В дверях нашей квартиры я столкнулся с матерью и отцом. Они уходили. Чисто побритый, с аккуратно подровненной бородой, с каким-то избытком бодрости, отец воскликнул, обдавая меня сытым запахом свежих щей:
– Аскольд, как ты кстати!
– Валя звонила? – встрепенулся я.
– Валя – нет… но…
– Поздравь отца! – перебила со сдержанным восторгом мама. – Обвинение снято.
– Да, пап?
– Да.
– Опять ожил наш бородач! – сказала мама.
– Вот здорово! – крикнул я. – Все, значит?
– Все, опять покой и порядок! – заявил отец, и я вдруг аж подпрыгнул при мысли, что пик родительского покоя и порядка совпал наконец-то с пиком моего счастья, как тому и надо быть. – Вот, брат, какая кирилломефодика! – Хлопнув меня по плечу, отец спохватился, что мы слишком расшумелись на лестничной площадке, деловито добавил: – Ну, мы пошли, а ты сиди дома, занимайся…
И они пошли, так занятые своей долгожданной радостью, что не поняли моей, и мне не захотелось говорить им, что я сейчас тоже уйду и тоже не вернусь допоздна.
Разговор с родителями снял с меня какое-то напряжение, и явился аппетит. Уселся я, как порядочный едок, правда вполоборота к двери, чтобы легче было вскочить, если звякнет телефон, – я ждал Валиного звонка, но после первых же ложек супа есть расхотелось, и со стаканом чая я подошел к телефону. Я смотрел в десятиглазый диск, как в лицо какого-нибудь спящего волшебника, умоляя его проснуться. Я представлял: вот Валя стучится к соседям, вот поднимает трубку, вот набирает номер, и вот сейчас уходит назад последняя цифра… Но телефон молчал. Я понял, что ждать не надо, а надо притвориться, что ничего и не должно быть. Побрел на кухню и, пустив воду тонкой струей, начал медленно мыть посуду, глядя в окно.
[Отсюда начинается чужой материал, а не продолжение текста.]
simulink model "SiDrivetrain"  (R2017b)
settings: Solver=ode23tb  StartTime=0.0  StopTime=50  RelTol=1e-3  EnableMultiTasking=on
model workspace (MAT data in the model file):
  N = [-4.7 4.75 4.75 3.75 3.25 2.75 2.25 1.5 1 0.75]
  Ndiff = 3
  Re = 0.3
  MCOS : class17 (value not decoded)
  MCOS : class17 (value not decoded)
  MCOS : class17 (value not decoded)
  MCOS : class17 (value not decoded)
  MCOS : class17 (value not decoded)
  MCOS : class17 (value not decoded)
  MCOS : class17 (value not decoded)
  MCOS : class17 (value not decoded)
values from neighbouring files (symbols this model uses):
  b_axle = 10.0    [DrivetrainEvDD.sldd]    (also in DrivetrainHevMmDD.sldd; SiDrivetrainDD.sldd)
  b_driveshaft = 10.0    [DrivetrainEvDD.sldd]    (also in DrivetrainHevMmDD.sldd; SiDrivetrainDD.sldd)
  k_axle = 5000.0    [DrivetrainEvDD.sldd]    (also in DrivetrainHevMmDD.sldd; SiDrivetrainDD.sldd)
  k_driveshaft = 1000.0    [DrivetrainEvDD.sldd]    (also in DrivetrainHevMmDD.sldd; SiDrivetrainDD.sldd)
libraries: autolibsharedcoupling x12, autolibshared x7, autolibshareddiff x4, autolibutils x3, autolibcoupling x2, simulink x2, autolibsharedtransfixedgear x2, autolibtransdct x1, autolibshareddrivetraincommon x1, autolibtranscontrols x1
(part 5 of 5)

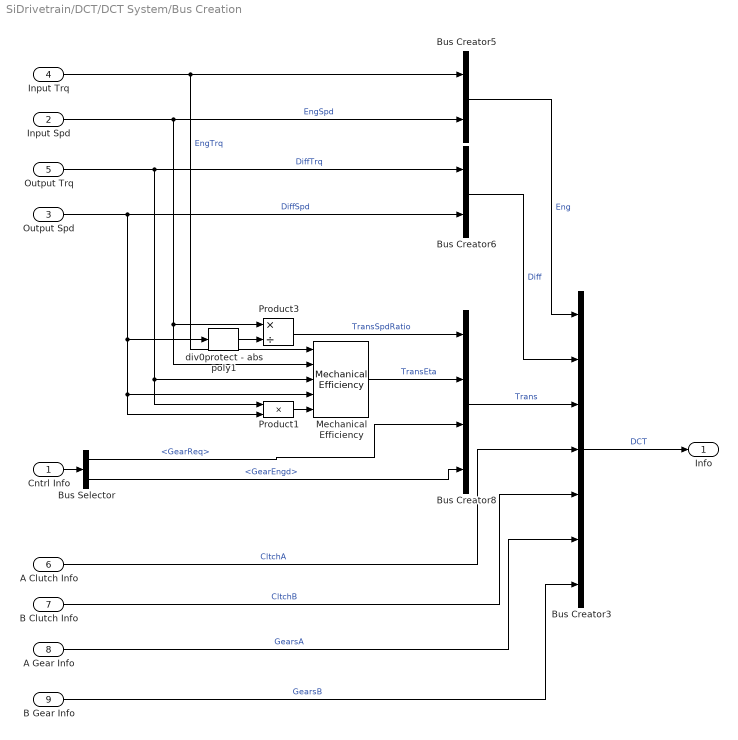
== system SiDrivetrain/DCT/DCT System/Bus Creation ==
  Cntrl Info : Inport
  Input Spd : Inport  Port=2  Unit=rad/s
  Output Spd : Inport  Port=3  Unit=rad/s
  Input Trq : Inport  Port=4  Unit=N*m
  Output Trq : Inport  Port=5  Unit=N*m
  A Clutch Info : Inport  Port=6
  B Clutch Info : Inport  Port=7
  A Gear Info : Inport  Port=8
  B Gear Info : Inport  Port=9
  Bus Creator3 : BusCreator  Inputs=7
  Bus Creator5 : BusCreator  Inputs=2
  Bus Creator6 : BusCreator  Inputs=2
  Bus Creator8 : BusCreator  Inputs=4
  Bus Selector : BusSelector  OutputSignals=GearReq,GearEngd
  Mechanical Efficiency : autolibshareddrivetraincommon/Mechanical Efficiency
      settings: SourceProductName=Powertrain Blockset  SourceProductBaseCode=PW
  Product1 : Product  Inputs=**
  Product3 : Product  Inputs=*/
  div0protect - abs poly1 : autolibutils/div0protect - abs poly  thresh=1e-6
      settings: SourceProductName=Powertrain Blockset  SourceProductBaseCode=PW
  Info : Outport
  wires:
  A Clutch Info/1 -> Bus Creator3/4  "CltchA"
  B Clutch Info/1 -> Bus Creator3/5  "CltchB"
  A Gear Info/1 -> Bus Creator3/6  "GearsA"
  B Gear Info/1 -> Bus Creator3/7  "GearsB"
  Bus Creator3/1 -> Info/1  "DCT"
  Bus Selector/1 -> Bus Creator8/3  "<GearReq>"
  Input Spd/1 -> Bus Creator5/2, Mechanical Efficiency/2, Product3/1  "EngSpd"
  Input Trq/1 -> Bus Creator5/1, Mechanical Efficiency/1  "EngTrq"
  Mechanical Efficiency/1 -> Bus Creator8/2  "TransEta"
  Output Spd/1 -> Bus Creator6/2, Product1/2, Mechanical Efficiency/4, div0protect - abs poly1/1  "DiffSpd"
  Output Trq/1 -> Bus Creator6/1, Product1/1, Mechanical Efficiency/3  "DiffTrq"
  Bus Selector/2 -> Bus Creator8/4  "<GearEngd>"
  Bus Creator8/1 -> Bus Creator3/3  "Trans"
  Product3/1 -> Bus Creator8/1  "TransSpdRatio"
  Product1/1 -> Mechanical Efficiency/5
  Bus Creator6/1 -> Bus Creator3/2  "Diff"
  Bus Creator5/1 -> Bus Creator3/1  "Eng"
  Cntrl Info/1 -> Bus Selector/1
  div0protect - abs poly1/1 -> Product3/2

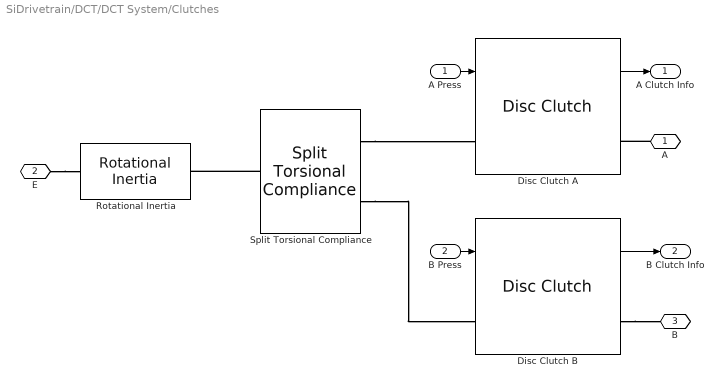
== system SiDrivetrain/DCT/DCT System/Clutches ==
  A Press : Inport
  B Press : Inport  Port=2
  Disc Clutch A : autolibcoupling/Disc Clutch  port_config=Two-way connection  Reff=.25  Ndisk=1  Aeff=.001  Jin=.05  Jout=.001  muk=.25  mus=.3  bin=.001  bout=.001  win_o=0  wout_o=0  tauC=.001  InitiallyLocked=off  maxAbsSpd=3000  blkID=1
      settings: SourceProductName=Powertrain Blockset  SourceProductBaseCode=PW
  Disc Clutch B : autolibcoupling/Disc Clutch  port_config=Two-way connection  Reff=.25  Ndisk=1  Aeff=.001  Jin=.05  Jout=.001  muk=.25  mus=.3  bin=.0001  bout=.0001  win_o=0  wout_o=0  tauC=.001  InitiallyLocked=off  maxAbsSpd=3000  blkID=1
      settings: SourceProductName=Powertrain Blockset  SourceProductBaseCode=PW
  Rotational Inertia : autolibsharedcoupling/Rotational Inertia  port_config=Two-way connection  J=.1  b=.001  omega_o=0  externJ=off  blkID=0
      settings: SourceProductName=Powertrain Blockset  SourceProductBaseCode=PW
  Split Torsional Compliance : autolibsharedcoupling/Split Torsional Compliance  port_config=Two-way connection  cplrMode=Shaft split  k1=5e3  b1=50  omega1_c=200  theta1_o=0  domega1_o=0  k2=5e3  b2=50  omega2_c=200  theta2_o=0  domega2_o=0  blkID=0
      settings: SourceProductName=Powertrain Blockset  SourceProductBaseCode=PW
  A : PMIOPort  Port=1  Side=Right
  E : PMIOPort  Port=2  Side=Left
  B : PMIOPort  Port=3  Side=Right
  A Clutch Info : Outport
  B Clutch Info : Outport  Port=2
  wires:
  Disc Clutch B/1 -> B Clutch Info/1
  B Press/1 -> Disc Clutch B/1
  A Press/1 -> Disc Clutch A/1
  Disc Clutch A/1 -> A Clutch Info/1
  connections:
  Split Torsional Compliance/RConn2 -- Disc Clutch B/LConn1
  E/RConn1 -- Rotational Inertia/LConn1
  Split Torsional Compliance/LConn1 -- Rotational Inertia/RConn1
  Split Torsional Compliance/RConn1 -- Disc Clutch A/LConn1
  A/RConn1 -- Disc Clutch A/RConn1
  Disc Clutch B/RConn1 -- B/RConn1

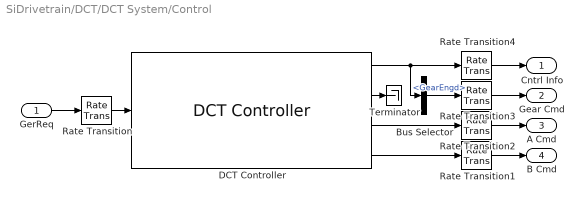
== system SiDrivetrain/DCT/DCT System/Control ==
  GerReq : Inport
  Bus Selector : BusSelector  OutputSignals=GearEngd
  DCT Controller : autolibtranscontrols/DCT Controller  G_o=0  tc=.5  ts=.01  dt=dt_DCT  ClutchLocked=off  SynchLocked=off
      settings: SourceProductName=Powertrain Blockset  SourceProductBaseCode=PW
  Rate Transition : RateTransition  Deterministic=off
  Rate Transition{1..4} (4 alike) : RateTransition
  Terminator : Terminator
  Cntrl Info : Outport
  Gear Cmd : Outport  Port=2
  A Cmd : Outport  Port=3
  B Cmd : Outport  Port=4
  wires:
  DCT Controller/1 -> Bus Selector/1, Rate Transition4/1
  Rate Transition/1 -> DCT Controller/1
  DCT Controller/3 -> Rate Transition2/1
  GerReq/1 -> Rate Transition/1
  DCT Controller/4 -> Rate Transition1/1
  DCT Controller/2 -> Terminator/1
  Rate Transition3/1 -> Gear Cmd/1
  Rate Transition4/1 -> Cntrl Info/1
  Rate Transition1/1 -> B Cmd/1
  Rate Transition2/1 -> A Cmd/1
  Bus Selector/1 -> Rate Transition3/1  "<GearEngd>"

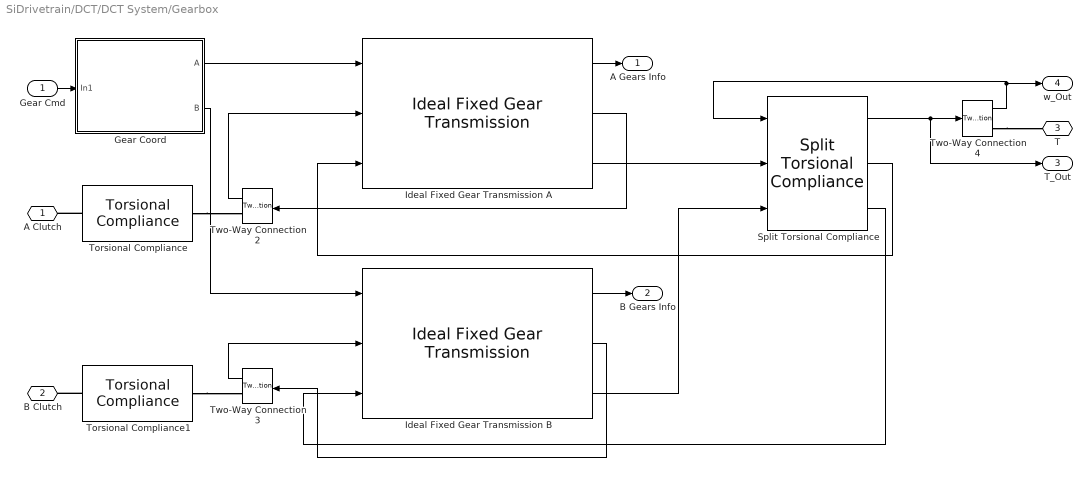
== system SiDrivetrain/DCT/DCT System/Gearbox ==
  Gear Cmd : Inport
  Gear Coord : Subsystem
  Ideal Fixed Gear Transmission A : autolibsharedtransfixedgear/Ideal Fixed Gear Transmission  VariantControl=0  G=[0,1,3,5,7]  N=[N(2), N(3:2:end)]  Jout=[0.28 0028 .2 0.11 0.11]  bout=[.001 .003 .002 .001 .001]  eta=[0.9, 0.9, 0.9, 0.9, 0.9]  omega_o=0  tau_s=.01  gearInterp=Nearest  maxAbsSpd=5e3
      settings: SourceProductName=Powertrain Blockset  SourceProductBaseCode=PW
  Ideal Fixed Gear Transmission B : autolibsharedtransfixedgear/Ideal Fixed Gear Transmission  VariantControl=0  G=[-1, 0, 2, 4, 6, 8]  N=[N(1), N(2:2:end)]  Jout="[0.28 0.24 0.24 0.18  0.11  0.11]"  bout=[0.003,0.001,0.0025,0.001,0.001,0.001]  eta=[0.9, 0.9, 0.9, 0.95, 0.95,0.95]  omega_o=0  tau_s=.01  gearInterp=Nearest  maxAbsSpd=5e3
      settings: SourceProductName=Powertrain Blockset  SourceProductBaseCode=PW
  Split Torsional Compliance : autolibsharedcoupling/Split Torsional Compliance  port_config=Simulink  cplrMode=Shaft merge  k1=5e3  b1=50  omega1_c=200  theta1_o=0  domega1_o=0  k2=5e3  b2=50  omega2_c=200  theta2_o=0  domega2_o=0  blkID=0
      settings: SourceProductName=Powertrain Blockset  SourceProductBaseCode=PW
  Torsional Compliance : autolibsharedcoupling/Torsional Compliance  port_config=Two-way connection  k=k_driveshaft  b=b_driveshaft  theta_o=0  domega_o=0  omega_c=wc_shaft  blkID=0
      settings: SourceProductName=Powertrain Blockset  SourceProductBaseCode=PW
  Torsional Compliance1 : autolibsharedcoupling/Torsional Compliance  port_config=Two-way connection  k=k_driveshaft  b=b_driveshaft  theta_o=0  domega_o=0  omega_c=wc_shaft  blkID=0
      settings: SourceProductName=Powertrain Blockset  SourceProductBaseCode=PW
  Two-Way Connection2 : TwoWayConnection
  Two-Way Connection3 : TwoWayConnection
  Two-Way Connection4 : TwoWayConnection
  A Clutch : PMIOPort  Port=1  Side=Left
  B Clutch : PMIOPort  Port=2  Side=Left
  T : PMIOPort  Port=3  Side=Right
  A Gears Info : Outport
  B Gears Info : Outport  Port=2
  T_Out : Outport  Port=3
  w_Out : Outport  Port=4
  wires:
  Ideal Fixed Gear Transmission B/1 -> B Gears Info/1
  Ideal Fixed Gear Transmission A/1 -> A Gears Info/1
  Ideal Fixed Gear Transmission B/2 -> Two-Way Connection3/1
  Gear Coord/2(B) -> Ideal Fixed Gear Transmission B/1
  Two-Way Connection2/1 -> Ideal Fixed Gear Transmission A/2
  Gear Cmd/1 -> Gear Coord/1(In1)
  Gear Coord/1(A) -> Ideal Fixed Gear Transmission A/1
  Two-Way Connection3/1 -> Ideal Fixed Gear Transmission B/2
  Ideal Fixed Gear Transmission A/2 -> Two-Way Connection2/1
  Ideal Fixed Gear Transmission B/3 -> Split Torsional Compliance/3
  Split Torsional Compliance/1 -> Two-Way Connection4/1, T_Out/1
  Two-Way Connection4/1 -> Split Torsional Compliance/1, w_Out/1
  Ideal Fixed Gear Transmission A/3 -> Split Torsional Compliance/2
  Split Torsional Compliance/3 -> Ideal Fixed Gear Transmission B/3
  Split Torsional Compliance/2 -> Ideal Fixed Gear Transmission A/3
  connections:
  Torsional Compliance1/LConn1 -- B Clutch/RConn1
  Torsional Compliance/RConn1 -- Two-Way Connection2/RConn1
  Torsional Compliance1/RConn1 -- Two-Way Connection3/RConn1
  Torsional Compliance/LConn1 -- A Clutch/RConn1
  Two-Way Connection4/RConn1 -- T/RConn1

== system SiDrivetrain/DCT/DCT System/Hydraulics ==
  Gear Cmd : Inport
  A Cmd : Inport  Port=2
  B Cmd : Inport  Port=3
  A Hydraulics Tau : Subsystem
  B Hydraulics Tau : Subsystem
  A Press : Outport
  B Press : Outport  Port=2
  wires:
  B Hydraulics Tau/1(Out1) -> B Press/1
  Gear Cmd/1 -> B Hydraulics Tau/1(In1), A Hydraulics Tau/1(In1)
  A Hydraulics Tau/1(Out1) -> A Press/1
  A Cmd/1 -> A Hydraulics Tau/2(In2)
  B Cmd/1 -> B Hydraulics Tau/2(In2)

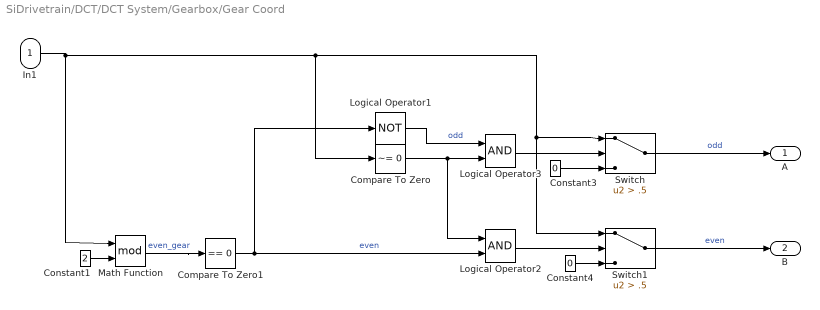
== system SiDrivetrain/DCT/DCT System/Gearbox/Gear Coord ==
  In1 : Inport
  Compare To Zero : simulink/Logic and Bit Operations/Compare To Zero  relop=~=  OutDataTypeStr=boolean
  Compare To Zero1 : simulink/Logic and Bit Operations/Compare To Zero  relop===  OutDataTypeStr=boolean
  Constant1 : Constant  Value=2
  Constant3 : Constant  Value=0
  Constant4 : Constant  Value=0
  Logical Operator1 : Logic  Operator=NOT  AllPortsSameDT=off  OutDataTypeStr=boolean
  Logical Operator2 : Logic  AllPortsSameDT=off  OutDataTypeStr=boolean
  Logical Operator3 : Logic  AllPortsSameDT=off  OutDataTypeStr=boolean
  Math Function : Math  Operator=mod  SaturateOnIntegerOverflow=on
  Switch : Switch  Criteria=u2 > Threshold  Threshold=.5
  Switch1 : Switch  Criteria=u2 > Threshold  Threshold=.5
  A : Outport
  B : Outport  Port=2
  wires:
  In1/1 -> Switch/1, Switch1/1, Compare To Zero/1, Math Function/1
  Math Function/1 -> Compare To Zero1/1  "even_gear"
  Constant1/1 -> Math Function/2
  Compare To Zero1/1 -> Logical Operator1/1, Logical Operator2/2  "even"
  Constant4/1 -> Switch1/3
  Switch/1 -> A/1  "odd"
  Constant3/1 -> Switch/3
  Switch1/1 -> B/1  "even"
  Logical Operator2/1 -> Switch1/2
  Logical Operator3/1 -> Switch/2
  Compare To Zero/1 -> Logical Operator2/1, Logical Operator3/2
  Logical Operator1/1 -> Logical Operator3/1  "odd"

== system SiDrivetrain/DCT/DCT System/Hydraulics/A Hydraulics Tau ==
  In1 : Inport
  In2 : Inport  Port=2
  2*pi : Gain  Gain=2*pi
  ClutchGain : Gain  Gain=k_hyd
  Constant1 : Constant  Value=0
  Constant2 : Constant  Value=tau_hyd
  Cont LPF Dyn : autolibutils/Cont LPF Dyn  SystemSampleTime=-1
      settings: SourceProductName=Powertrain Blockset  SourceProductBaseCode=PW
  Product : Product  Inputs=/
  Switch : Switch  Criteria=u2 ~= 0
  Out1 : Outport
  wires:
  In1/1 -> Switch/2
  ClutchGain/1 -> Out1/1
  Constant2/1 -> Product/1
  Cont LPF Dyn/1 -> ClutchGain/1
  Switch/1 -> Cont LPF Dyn/1
  Product/1 -> 2*pi/1
  In2/1 -> Switch/1
  2*pi/1 -> Cont LPF Dyn/2
  Constant1/1 -> Switch/3

== system SiDrivetrain/DCT/DCT System/Hydraulics/B Hydraulics Tau ==
  In1 : Inport
  In2 : Inport  Port=2
  2*pi : Gain  Gain=2*pi
  ClutchGain : Gain  Gain=k_hyd
  Constant1 : Constant  Value=0
  Constant2 : Constant  Value=tau_hyd
  Cont LPF Dyn : autolibutils/Cont LPF Dyn  SystemSampleTime=-1
      settings: SourceProductName=Powertrain Blockset  SourceProductBaseCode=PW
  Product : Product  Inputs=/
  Switch : Switch  Criteria=u2 ~= 0
  Out1 : Outport
  wires:
  Constant1/1 -> Switch/3
  2*pi/1 -> Cont LPF Dyn/2
  In2/1 -> Switch/1
  Product/1 -> 2*pi/1
  Switch/1 -> Cont LPF Dyn/1
  Cont LPF Dyn/1 -> ClutchGain/1
  Constant2/1 -> Product/1
  ClutchGain/1 -> Out1/1
  In1/1 -> Switch/2

Я думал об отце, о Вале, о школе…
Телефон заработал вдруг, и Мебиус ответил:
– Дома никого нет!
– Как нет! – заорал я и бросился в коридор, сообразив, что мать с отцом, уходя, переключили тумблер, а я, балбес, сгоряча забыл про него. – Да-да, слушаю!
– Эп, ты спятил? Форум горит! Анкет куча! Комиссия наизнанку выворачивается, а председателю хоть бы хны! Жрет и робота врать учит! Ну, Эп!..
Я нервно рассмеялся.
– Выхожу, Забор!.. Ну, стало быть, надо! Очень!.. Не школой единой жив человек!.. Да успеем, не кипятись!.. Что-то ты, Заборчик, стал расшатываться!.. Ладно, выхожу.
Я вдруг устал и, опустив трубку, некоторое время держался за телефон. Тревога исподтишка начала заводить во мне свою холодную пружину… А может быть, Валя еще не сделала того, о чем хотела сказать?.. Даже наверняка не сделала! Если встречи не предвидится, зачем торопиться? А вот к моменту моего выхода в эфир все уже будет решено! Чуть успокоенный, я домыл посуду, оделся и побежал.
Глава девятнадцатая
Мы измотались с анкетами, а Васька, с лихорадочно горящими глазами, забыв о еде и доме, все торопил нас, не отпуская даже напиться, и раздобыл где-то графин с водой. Мы ехидно требовали, чтобы для повышения производительности труда он притащил сюда и унитаз. Время от времени в пионерскую заглядывала Нина Юрьевна, готовившая к завтрашнему дню доклад по данным родительских анкет… Лишь в девятом часу, когда школа давно опустела, а я сидел как на иголках, мы завершили свой труд. Но и здесь Забор посмел предложить мне задержаться еще на часок, чтобы подбить кое-какие бабки.